Sebenarnya Wabah ini telah tercatat dalam US Centers For Disease Control and Prevention (CDC) pada tahun 2009. Dengan adanya wabah ini tercatat 60.8 juta orang AS terjangkit sehingga hal ini menjadi penyebab berkurangnya populasi Dunia.

Salah satu pemikir ekonomi klasik penguat Dari sebuah teori Adam Smith dan David Ricardo yaitu adalah Thomas Mhaitus. Dalam teorinya Thomas menyatakan, "laju pertumbuhan penduduk seperti deret ukur, dan laju pertumbuhan pangan seperti deret hitung". Itu berarti jika pertumbuhan penduduk lebih cepat lajunya di banding pertumbuhan pangan, maka dampaknya manusia akan mengalami krisis ekonomi dan akan merlombah dalam mendapatkan pangan jika tingkat pertumbuhan penduduk tidak di tekan. Maka dari itu jika keseimbangan antara ketersediaan pangan dan laju pertumbuhan penduduk maka angka kelahiran harus di tekan dan menambah angkan kematian. Dan hal ini sangan berkesinambungan dengan muncul nya wabah ini yang merenggut populasi dunia.

Pandemik Corona akan membuat ekonomi global tumbuh negative. Pada Moneter internasional Atau (IMF) memperingatkan situasinya akan bakal lebih buruk dari depresi Besar alias Great Depression Pada tahun 1930-an. (Apa itu Depresi besar, nanti kita bahas pada cerita selanjutnya).

Selain dari negara-negara maju, negara berkembang pun harus berjuang melawan Covid-19 ini untuk mempertahankan ekonomi negaranya, salah satunya ialah Indonesia.

Pemerintah telah banyak mengambil kebijakan dalam penanggulangan wabah ini dan salah satunya ialah social distancing and Stay at Home. Menurut pemerintah dengan kebijakan ini akan mempercepat memutus laju penularan Covid-19, tetapi bukankah ini adalah jalan menuju jurang keabrukan ekonomi!.
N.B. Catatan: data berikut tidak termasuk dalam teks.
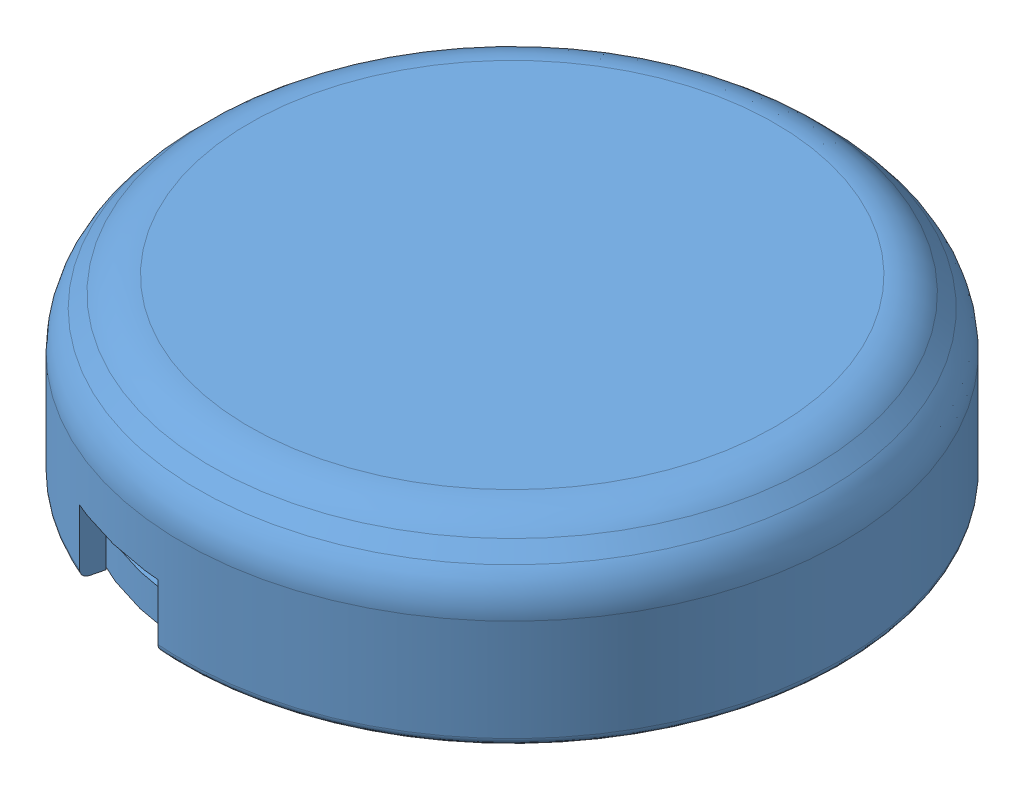
SolidWorks assembly Assembled Biocoin, configuration Default. Lengths in mm.
Overall size (37.88 8.4 37.88).
173 component instances, 44 part files, 7 mates.
Components (placement in the parent):
- Bottom - rev 1-1: Bottom - rev 1 [Default] at (11.776 12.857 23.582) size (30.23 5.59 30.23)
- DPV_PCB_v2.step-1: DPV_PCB_v2.step [Default] at (-1.1972 14.5285 10.4987) x (-0.000274 0 1) z (0 1 0) size (24.9 26.1 3.61)
  - Board.step-1: Board.step [Default] at origin size (24.9 26.1 0.96)
    - Open CASCADE STEP translator 6.8 1.1.1.step-1: Open CASCADE STEP translator 6.8 1.1.1.step [Default] at (0 0 -0.9603) size (24.9 26.1 0.96)
  - R13.step-1: R13.step [Default] at origin size (1.04 0.6 0.34)
    - User_Library-0402R.step-1: User_Library-0402R.step [Default] at (16.3069 1.397 0) x (1 0 0) z (0 -1 0) size (1.04 0.34 0.6)
  - IC4.step-1: IC4.step [Default] at origin size (0.78 0.78 0.38)
    - 6979170656.step-1: 6979170656.step [Default] at (8.3312 18.0086 0) x (-1 0 0) z (0 0 1) size (0.78 0.78 0.38)
      - Array.step-1: Array.step [Default] at origin size (0.66 0.66 0.26)
      - Body.step-1: Body.step [Default] at origin size (0.78 0.78 0.12)
  - R8.step-1: R8.step [Default] at origin size (1.04 0.6 0.34)
    - User_Library-0402R.step-1: User_Library-0402R.step [Default] at (7.3915 11.938 0) x (1 0 0) z (0 -1 0) size (1.04 0.34 0.6)
  - M2.step-1: M2.step [Default] at origin size (15.5 10.5 2.05)
    - MDBT50Q_3D_Drawing_20180620_RGB8421504.step-1: MDBT50Q_3D_Drawing_20180620_RGB8421504.step [Default] at (17.0122 12.9858 0.0128) x (0 -1 0) z (-1 0 0) size (10.5 2.05 15.5)
  - J6.step-1: J6.step [Default] at origin size (2.2 3.46 0.58)
    - 6979173296.step-1: 6979173296.step [Default] at (16.9418 14.4272 -0.9803) x (0 -1 0) z (1 0 0) size (3.46 0.58 2.2)
      - Open CASCADE STEP translator 6.8 1.6.1.1.step-1: Open CASCADE STEP translator 6.8 1.6.1.1.step [Default] at origin size (3.46 0.58 2.2)
      - Open CASCADE STEP translator 6.8 1.6.1.2.step-1: Open CASCADE STEP translator 6.8 1.6.1.2.step [Default] at origin
  - J5.step-1: J5.step [Default] at origin size (2.2 3.46 0.58)
    - 6979183456.step-1: 6979183456.step [Default] at (11.684 14.4272 -0.9803) x (0 1 0) z (-1 0 0) size (3.46 0.58 2.2)
      - Open CASCADE STEP translator 6.8 1.7.1.1.step-1: Open CASCADE STEP translator 6.8 1.7.1.1.step [Default] at origin size (3.46 0.58 2.2)
      - Open CASCADE STEP translator 6.8 1.7.1.2.step-1: Open CASCADE STEP translator 6.8 1.7.1.2.step [Default] at origin
  - L5.step-1: L5.step [Default] at origin size (0.5 1 0.25)
    - SW3dPS-d0402h025.step-1: SW3dPS-d0402h025.step [Default] at (2.4638 7.366 0) x (0 1 0) z (0 0 1) size (1 0.5 0.25)
  - MOSFET1.step-1: MOSFET1.step [Default] at origin size (0.81 0.81 0.39)
    - 6979167456.step-1: 6979167456.step [Default] at (3.8354 7.5946 0) x (0 -1 0) z (0 0 1) size (0.81 0.81 0.39)
  - U5.step-1: U5.step [Default] at origin size (2.1 2 0.55)
    - 6979170736.step-1: 6979170736.step [Default] at (7.3406 16.1036 0) size (2.1 2 0.55)
  - R12.step-1: R12.step [Default] at origin size (1.04 0.6 0.34)
    - User_Library-0402R.step-1: User_Library-0402R.step [Default] at (3.4289 15.3162 0) x (-1 0 0) z (0 1 0) size (1.04 0.34 0.6)
  - IC3.step-1: IC3.step [Default] at origin size (3.1 3 0.8)
    - 6979168976.step-1: 6979168976.step [Default] at (3.4798 17.7292 0) x (-1 0 0) z (0 0 1) size (3.1 3 0.8)
      - Body-0.step-1: Body-0.step [Default] at origin size (3 3 0.75)
      - ThermalPin.step-1: ThermalPin.step [Default] at (-0.825 -1.19 0) size (1.65 2.38 0.1)
      - PinsArrayLR.step-1: PinsArrayLR.step [Default] at origin size (3.1 1.75 0.1)
  - C30.step-1: C30.step [Default] at origin size (0.33 0.64 0.33)
    - 6979172816.step-1: 6979172816.step [Default] at (6.477 18.3388 0) x (0 1 0) z (0 0 1) size (0.64 0.33 0.33)
  - C28.step-1: C28.step [Default] at origin size (0.33 0.64 0.33)
    - 6979172816.step-1: 6979172816.step [Default] at (7.2898 18.3388 0) x (0 1 0) z (0 0 1) size (0.64 0.33 0.33)
  - U4.step-1: U4.step [Default] at origin size (2.44 2.12 1.11)
    - 6979179136.step-1: 6979179136.step [Default] at (7.366 20.193 0) x (-1 0 0) z (0 0 1) size (2.44 2.12 1.11)
  - R11.step-1: R11.step [Default] at origin size (0.6 1.04 0.34)
    - User_Library-0402R.step-1: User_Library-0402R.step [Default] at (11.2014 20.7519 0) x (0 1 0) z (1 0 0) size (1.04 0.34 0.6)
  - R10.step-1: R10.step [Default] at origin size (0.6 1.04 0.34)
    - User_Library-0402R.step-1: User_Library-0402R.step [Default] at (9.906 20.7519 0) x (0 1 0) z (1 0 0) size (1.04 0.34 0.6)
  - C27.step-1: C27.step [Default] at origin size (0.51 1.05 0.51)
    - User_Library-SMD_Ceramic_Capacitors_0402_(1005)_BB.step-1: User_Library-SMD_Ceramic_Capacitors_0402_(1005)_BB.step [Default] at (12.4928 20.7518 0) x (0 -1 0) z (0 0 1) size (1.05 0.51 0.51)
  - C26.step-1: C26.step [Default] at origin size (0.33 0.64 0.33)
    - 6979169616.step-1: 6979169616.step [Default] at (4.3434 21.717 0) x (0 -1 0) z (0 0 1) size (0.64 0.33 0.33)
  - C25.step-1: C25.step [Default] at origin size (0.33 0.64 0.33)
    - 6979169616.step-1: 6979169616.step [Default] at (12.5984 25.1206 0) x (0 -1 0) z (0 0 1) size (0.64 0.33 0.33)
  - U3.step-1: U3.step [Default] at origin size (2.59 1.09 0.56)
    - 6979170016.step-1: 6979170016.step [Default] at (15.4003 24.6078 0) x (0 -1 0) z (0 0 1) size (1.09 2.59 0.56)
  - R9.step-1: R9.step [Default] at origin size (1.04 0.6 0.34)
    - User_Library-0402R.step-1: User_Library-0402R.step [Default] at (7.3915 13.1826 0) x (1 0 0) z (0 -1 0) size (1.04 0.34 0.6)
  - IC2.step-1: IC2.step [Default] at origin size (0.95 1.49 0.53)
    - 6979176416.step-1: 6979176416.step [Default] at (5.08 12.9794 0) x (-1 0 0) z (0 0 1) size (0.95 1.49 0.53)
      - Array-1.step-1: Array-1.step [Default] at origin size (0.65 1.05 0.25)
      - Body-2.step-1: Body-2.step [Default] at origin size (0.95 1.49 0.28)
  - C24.step-1: C24.step [Default] at origin size (0.64 0.33 0.33)
    - 6979180736.step-1: 6979180736.step [Default] at (7.3914 14.3002 0) x (-1 0 0) z (0 0 1) size (0.64 0.33 0.33)
  - L4.step-1: L4.step [Default] at origin size (0.5 1 0.25)
    - SW3dPS-d0402h025.step-1: SW3dPS-d0402h025.step [Default] at (1.2446 10.1092 0) x (0 1 0) z (0 0 1) size (1 0.5 0.25)
  - C13.step-1: C13.step [Default] at origin size (0.33 0.64 0.33)
    - 6979169616.step-1: 6979169616.step [Default] at (5.08 21.717 0) x (0 -1 0) z (0 0 1) size (0.64 0.33 0.33)
  - U2.step-1: U2.step [Default] at origin size (2.44 2.12 1.11)
    - 6979179136.step-1: 6979179136.step [Default] at (7.366 22.6568 0) x (-1 0 0) z (0 0 1) size (2.44 2.12 1.11)
  - R7.step-1: R7.step [Default] at origin size (0.6 1.04 0.34)
    - User_Library-0402R.step-1: User_Library-0402R.step [Default] at (11.2014 22.9363 0) x (0 1 0) z (1 0 0) size (1.04 0.34 0.6)
  - R5.step-1: R5.step [Default] at origin size (0.6 1.04 0.34)
    - User_Library-0402R.step-1: User_Library-0402R.step [Default] at (9.906 22.9363 0) x (0 1 0) z (1 0 0) size (1.04 0.34 0.6)
  - C12.step-1: C12.step [Default] at origin size (0.51 1.05 0.51)
    - User_Library-SMD_Ceramic_Capacitors_0402_(1005)_BB.step-1: User_Library-SMD_Ceramic_Capacitors_0402_(1005)_BB.step [Default] at (12.4928 22.9362 0) x (0 -1 0) z (0 0 1) size (1.05 0.51 0.51)
  - S2.step-1: S2.step [Default] at origin size (2 2 0.65)
    - PMDPB58UPE,115.step-1: PMDPB58UPE,115.step [Default] at (3.2004 10.0076 0.0128) x (0 1 0) z (1 0 0) size (2 0.65 2)
  - J2.step-1: J2.step [Default] at origin size (1.83 3.81 1)
    - 6983029888.step-1: 6983029888.step [Default] at (14.0716 2.4257 0) size (0.25 0.25 0.25)
      - Extruded.step-1: Extruded.step [Default] at origin size (0.25 0.25 0.25)
    - SDO_SOD-123FL_ONS.step-1: SDO_SOD-123FL_ONS.step [Default] at (13.9447 2.5526 0) x (0 1 0) z (0 0 1) size (3.81 1.83 1)
  - S1.step-1: S1.step [Default] at origin size (1.65 2.5 0.56)
    - 6979182816.step-1: 6979182816.step [Default] at (1.2192 13.3096 0) x (0 -1 0) z (0 0 1) size (2.5 1.65 0.56)
  - D1.step-1: D1.step [Default] at origin size (0.51 0.99 0.51)
    - 6979174176.step-1: 6979174176.step [Default] at (4.191 5.3086 0) x (0 1 0) z (0 0 1) size (0.99 0.51 0.51)
  - R6.step-1: R6.step [Default] at origin size (1.04 0.6 0.34)
    - User_Library-0402R.step-1: User_Library-0402R.step [Default] at (13.6825 6.731 0) x (-1 0 0) z (0 1 0) size (1.04 0.34 0.6)
  - L3.step-1: L3.step [Default] at origin size (2 1.97 1.2)
    - 6979182736.step-1: 6979182736.step [Default] at (10.8458 1.778 0) x (-1 0 0) z (0 0 1) size (2 1.97 1.2)
      - term1.step-1: term1.step [Default] at (-1 -0.8 0) size (0.5 1.6 1.2)
      - term2.step-1: term2.step [Default] at (0.5 -0.8 0) size (0.5 1.6 1.2)
      - Body.step-1: Body.step [Default] at (-0.5 -0.784 0.012) size (0.78 0.78 0.12)
  - IC1.step-1: IC1.step [Default] at origin size (1.77 1.77 0.5)
    - 6979167536.step-1: 6979167536.step [Default] at (10.795 6.223 0) x (0 1 0) z (0 0 1) size (1.77 1.77 0.5)
      - Array-3.step-1: Array-3.step [Default] at origin size (1.47 1.47 0.27)
      - Body-4.step-1: Body-4.step [Default] at origin size (1.77 1.77 0.23)
  - C23.step-1: C23.step [Default] at origin size (1.6 0.8 0.3)
    - SW3dPS-0603_SMD_Capacitor.step-1: SW3dPS-0603_SMD_Capacitor.step [Default] at (6.7429 5.5626 0) x (-1 0 0) z (0 1 0) size (1.6 0.3 0.8)
  - C22.step-1: C22.step [Default] at origin size (1.6 0.8 0.3)
    - SW3dPS-0603_SMD_Capacitor.step-1: SW3dPS-0603_SMD_Capacitor.step [Default] at (6.7565 3.683 0) x (-1 0 0) z (0 1 0) size (1.6 0.3 0.8)
  - C21.step-1: C21.step [Default] at origin size (0.51 1.05 0.51)
    - User_Library-SMD_Ceramic_Capacitors_0402_(1005)_BB.step-1: User_Library-SMD_Ceramic_Capacitors_0402_(1005)_BB.step [Default] at (9.9862 4.0386 0) x (0 1 0) z (0 0 1) size (1.05 0.51 0.51)
  - C20.step-1: C20.step [Default] at origin size (1.05 0.51 0.51)
    - User_Library-SMD_Ceramic_Capacitors_0402_(1005)_BB.step-1: User_Library-SMD_Ceramic_Capacitors_0402_(1005)_BB.step [Default] at (13.6826 5.584 0) size (1.05 0.51 0.51)
  - C19.step-1: C19.step [Default] at origin size (1.05 0.51 0.51)
    - User_Library-SMD_Ceramic_Capacitors_0402_(1005)_BB.step-1: User_Library-SMD_Ceramic_Capacitors_0402_(1005)_BB.step [Default] at (11.7348 4.195 0) x (-1 0 0) z (0 0 1) size (1.05 0.51 0.51)
  - J1.step-1: J1.step [Default] at origin size (4.2 4.3 1.45)
    - 6979183296.step-1: 6979183296.step [Default] at (17.7292 4.699 0) x (1 0 0) z (0 -1 0) size (4.2 1.45 4.3)
  - U1.step-1: U1.step [Default] at origin size (4.19 3.61 0.56)
    - 6979180096.step-1: 6979180096.step [Default] at (15.8088 21.6742 0) size (4.19 3.61 0.56)
  - RTIA1.step-1: RTIA1.step [Default] at origin size (1.04 0.6 0.34)
    - User_Library-0402R.step-1: User_Library-0402R.step [Default] at (19.6151 22.6394 0) x (-1 0 0) z (0 1 0) size (1.04 0.34 0.6)
  - RCAL1.step-1: RCAL1.step [Default] at origin size (0.33 0.64 0.33)
    - 6979169616.step-1: 6979169616.step [Default] at (11.6586 25.019 0) x (0 -1 0) z (0 0 1) size (0.64 0.33 0.33)
  - R4.step-1: R4.step [Default] at origin size (0.6 1.04 0.34)
    - User_Library-0402R.step-1: User_Library-0402R.step [Default] at (5.334 7.7645 0) x (0 1 0) z (1 0 0) size (1.04 0.34 0.6)
  - R3.step-1: R3.step [Default] at origin size (0.6 1.04 0.34)
    - User_Library-0402R.step-1: User_Library-0402R.step [Default] at (22.225 5.5627 0) x (0 1 0) z (1 0 0) size (1.04 0.34 0.6)
  - R2.step-1: R2.step [Default] at origin size (0.6 1.04 0.34)
    - User_Library-0402R.step-1: User_Library-0402R.step [Default] at (21.0312 5.5625 0) x (0 -1 0) z (-1 0 0) size (1.04 0.34 0.6)
  - R1.step-1: R1.step [Default] at origin size (0.6 1.04 0.34)
    - User_Library-0402R.step-1: User_Library-0402R.step [Default] at (5.3086 10.1601 0) x (0 1 0) z (1 0 0) size (1.04 0.34 0.6)
  - L2.step-1: L2.step [Default] at origin size (0.5 1 0.25)
    - SW3dPS-d0402h025.step-1: SW3dPS-d0402h025.step [Default] at (2.8956 13.081 0) x (0 -1 0) z (0 0 1) size (1 0.5 0.25)
  - L1.step-1: L1.step [Default] at origin size (1 0.5 0.25)
    - SW3dPS-d0402h025.step-1: SW3dPS-d0402h025.step [Default] at (4.0132 20.193 0) x (-1 0 0) z (0 0 1) size (1 0.5 0.25)
  - CTIA1.step-1: CTIA1.step [Default] at origin size (1.05 0.51 0.51)
    - User_Library-SMD_Ceramic_Capacitors_0402_(1005)_BB.step-1: User_Library-SMD_Ceramic_Capacitors_0402_(1005)_BB.step [Default] at (19.6152 21.5004 0) x (-1 0 0) z (0 0 1) size (1.05 0.51 0.51)
  - CLPF1.step-1: CLPF1.step [Default] at origin size (0.33 0.64 0.33)
    - 6979172816.step-1: 6979172816.step [Default] at (10.8204 24.9936 0) x (0 1 0) z (0 0 1) size (0.64 0.33 0.33)
  - C18.step-1: C18.step [Default] at origin size (0.51 1.05 0.51)
    - User_Library-SMD_Ceramic_Capacitors_0402_(1005)_BB.step-1: User_Library-SMD_Ceramic_Capacitors_0402_(1005)_BB.step [Default] at (7.8954 7.747 0) x (0 -1 0) z (0 0 1) size (1.05 0.51 0.51)
  - C17.step-1: C17.step [Default] at origin size (0.51 1.05 0.51)
    - User_Library-SMD_Ceramic_Capacitors_0402_(1005)_BB.step-1: User_Library-SMD_Ceramic_Capacitors_0402_(1005)_BB.step [Default] at (6.7524 10.152 0) x (0 -1 0) z (0 0 1) size (1.05 0.51 0.51)
  - C16.step-1: C16.step [Default] at origin size (0.51 1.05 0.51)
    - User_Library-SMD_Ceramic_Capacitors_0402_(1005)_BB.step-1: User_Library-SMD_Ceramic_Capacitors_0402_(1005)_BB.step [Default] at (7.8954 10.152 0) x (0 -1 0) z (0 0 1) size (1.05 0.51 0.51)
  - C15.step-1: C15.step [Default] at origin size (0.51 1.05 0.51)
    - User_Library-SMD_Ceramic_Capacitors_0402_(1005)_BB.step-1: User_Library-SMD_Ceramic_Capacitors_0402_(1005)_BB.step [Default] at (6.6254 7.747 0) x (0 -1 0) z (0 0 1) size (1.05 0.51 0.51)
  - C14.step-1: C14.step [Default] at origin size (0.64 0.33 0.33)
    - 6979180736.step-1: 6979180736.step [Default] at (21.2344 19.0754 0) x (-1 0 0) z (0 0 1) size (0.64 0.33 0.33)
  - C11.step-1: C11.step [Default] at origin size (1.05 0.51 0.51)
    - User_Library-SMD_Ceramic_Capacitors_0402_(1005)_BB.step-1: User_Library-SMD_Ceramic_Capacitors_0402_(1005)_BB.step [Default] at (19.6088 20.2558 0) x (-1 0 0) z (0 0 1) size (1.05 0.51 0.51)
  - C10.step-1: C10.step [Default] at origin size (0.64 0.33 0.33)
    - 6979183216.step-1: 6979183216.step [Default] at (9.398 24.638 0) size (0.64 0.33 0.33)
  - C9.step-1: C9.step [Default] at origin size (0.51 1.05 0.51)
    - User_Library-SMD_Ceramic_Capacitors_0402_(1005)_BB.step-1: User_Library-SMD_Ceramic_Capacitors_0402_(1005)_BB.step [Default] at (21.3146 20.7534 0) x (0 1 0) z (0 0 1) size (1.05 0.51 0.51)
  - C8.step-1: C8.step [Default] at origin size (0.64 0.33 0.33)
    - 6979180736.step-1: 6979180736.step [Default] at (19.05 23.6982 0) x (-1 0 0) z (0 0 1) size (0.64 0.33 0.33)
  - C7.step-1: C7.step [Default] at origin size (0.64 0.33 0.33)
    - 6979180736.step-1: 6979180736.step [Default] at (19.3184 19.0326 0) x (-1 0 0) z (0 0 1) size (0.64 0.33 0.33)
  - C6.step-1: C6.step [Default] at origin size (0.64 0.33 0.33)
    - 6979183216.step-1: 6979183216.step [Default] at (15.7988 19.0246 0) size (0.64 0.33 0.33)
  - C5.step-1: C5.step [Default] at origin size (0.64 0.33 0.33)
    - 6979180736.step-1: 6979180736.step [Default] at (14.351 19.0246 0) x (-1 0 0) z (0 0 1) size (0.64 0.33 0.33)
  - C4.step-1: C4.step [Default] at origin size (0.33 0.64 0.33)
    - 6979172816.step-1: 6979172816.step [Default] at (13.4112 25.1206 0) x (0 1 0) z (0 0 1) size (0.64 0.33 0.33)
  - C3.step-1: C3.step [Default] at origin size (0.64 0.33 0.33)
    - 6979183216.step-1: 6979183216.step [Default] at (12.5476 19.0246 0) size (0.64 0.33 0.33)
  - C2.step-1: C2.step [Default] at origin size (0.64 0.33 0.33)
    - 6979180736.step-1: 6979180736.step [Default] at (11.2014 19.0246 0) x (-1 0 0) z (0 0 1) size (0.64 0.33 0.33)
  - C1.step-1: C1.step [Default] at origin size (0.64 0.33 0.33)
    - 6979180736.step-1: 6979180736.step [Default] at (17.3228 19.0246 0) x (-1 0 0) z (0 0 1) size (0.64 0.33 0.33)
- Battery-1: Battery [Default] at (11.7885 16.6806 23.7195) size (24.5 3.3 24.5)
- Top - rev 1-1: Top - rev 1 [Default] at (11.776 12.857 23.582) x (-0.971151 0 -0.238467) z (0.238467 0 -0.971151) size (31.32 8.4 31.32)
- Iontophoresis_MetalElectrodes.step-1: Iontophoresis_MetalElectrodes.step [Default] at (-1.2868 13.8173 10.6063) x (0.002079 0 0.999998) z (0 1 0) size (18.68 24.13 1.64)
  - Board.step-1: Board.step [Default] at origin size (18.68 24.13 0.96)
    - Open CASCADE STEP translator 7.5 1.1.1.step-1: Open CASCADE STEP translator 7.5 1.1.1.step [Default] at (0 0 -0.9603) size (18.68 24.13 0.96)
  - J1.step-1: J1.step [Default] at origin size (2.6 4.7 0.68)
    - 6313637920.step-1: 6313637920.step [Default] at (16.9418 14.4272 0) x (0 1 0) z (1 0 0) size (4.7 0.68 2.6)
      - Open CASCADE STEP translator 7.5 1.2.1.1.step-1: Open CASCADE STEP translator 7.5 1.2.1.1.step [Default] at origin size (4.7 0.68 2.6)
      - Open CASCADE STEP translator 7.5 1.2.1.2.step-1: Open CASCADE STEP translator 7.5 1.2.1.2.step [Default] at origin
  - J2.step-1: J2.step [Default] at origin size (2.6 4.7 0.68)
    - 6313637760.step-1: 6313637760.step [Default] at (11.684 14.4272 0) x (0 -1 0) z (-1 0 0) size (4.7 0.68 2.6)
      - Open CASCADE STEP translator 7.5 1.3.1.1.step-1: Open CASCADE STEP translator 7.5 1.3.1.1.step [Default] at origin size (4.7 0.68 2.6)
      - Open CASCADE STEP translator 7.5 1.3.1.2.step-1: Open CASCADE STEP translator 7.5 1.3.1.2.step [Default] at origin
Mates (geometry in assembly coordinates):
- Coincident2: coincident anti-aligned: plane of Bottom - rev 1-1 through (11.776 13.5682 23.582) normal (0 1 0); plane of DPV_PCB_v2.step-1/Board.step-1/Open CASCADE STEP translator 6.8 1.1.1.step-1 through (6.3229 13.5682 35.3498) normal (0 -1 0)
- Parallel1: parallel aligned: line of Bottom - rev 1-1 through (6.188 14.381 35.5497) axis (1 0 0); line of DPV_PCB_v2.step-1/Board.step-1/Open CASCADE STEP translator 6.8 1.1.1.step-1 through (6.3229 13.5682 35.3498) axis (1 0 0)
- Concentric1: concentric aligned: circle of Bottom - rev 1-1; circle of DPV_PCB_v2.step-1/Board.step-1/Open CASCADE STEP translator 6.8 1.1.1.step-1
- Coincident4: coincident aligned: plane of Bottom - rev 1-1 through (11.776 12.857 23.582) normal (0 -1 0); plane of Top - rev 1-1 through (11.776 12.857 23.582) normal (0 -1 0)
- Concentric7: concentric aligned: circle of Bottom - rev 1-1; circle of Top - rev 1-1
- Parallel8: parallel anti-aligned: plane of DPV_PCB_v2.step-1/Board.step-1/Open CASCADE STEP translator 6.8 1.1.1.step-1 through (6.3229 13.5682 35.3498) normal (0 -1 0); plane of Iontophoresis_MetalElectrodes.step-1/Board.step-1/Open CASCADE STEP translator 7.5 1.1.1.step-1 through (11.7409 13.8173 22.8345) normal (0 1 0)
- Concentric11: concentric aligned: circle of Bottom - rev 1-1; circle of Iontophoresis_MetalElectrodes.step-1/Board.step-1/Open CASCADE STEP translator 7.5 1.1.1.step-1

Stay at Home dan physical distancing akan menjadi jembatan menuju keabrukan ekonomi jika pemeritah tidak memperhatikan kebijakan ini dengan baik. Dengan kebijakan ini, sistem pendapatan perkapita akan rendah dan ekonomi-ekonomi kelas menengah ke bawah akan musnah seiring berjalannya waktu, dan ditambah lagi tindakan radikal dengan melakukan Pemberhentian Hak Kerja (PHK) Secara cuma-cuma yang di mana akan berimbas pada peningkatan pengangguran di negara sehinggga mengakibatkan terjadinya inflasi besar-besaran.

Menurut Bank Indonesia (BI) cara untuk memberhentikan laju inflasi yaitu konektivitas antar daerah dan kerja sama antar daerah. Apakah ini akan masih ada? dan bahkan sampai saat ini pemerintah masih sibuk dengan pembahasan Undang-Undang Omnibus Law Cilaka.

Di sisi lain pemerintah mengambil kebijakan dengan mengambil tenaga kerja asing (TKA) untuk dipekerjakan di negara kita, hal ini menambah keresahan masyarakat sehingga mengatakan pemerintah tidak Pro-Rakyat.

Apa yang menjadi pemikiran pemerintah saat ini belum bisa terpikirkan oleh sebagian kalangan, entah itu pemerintah memberikan PHK kepada buruh dan menggantinya dengan tenaga kerja asing hanya untuk menjaga laju inflasi negara atau entah pemerintah saat ini memikirkan kepentingan kaum ekonomi klasik demi kepentingan class tertentu.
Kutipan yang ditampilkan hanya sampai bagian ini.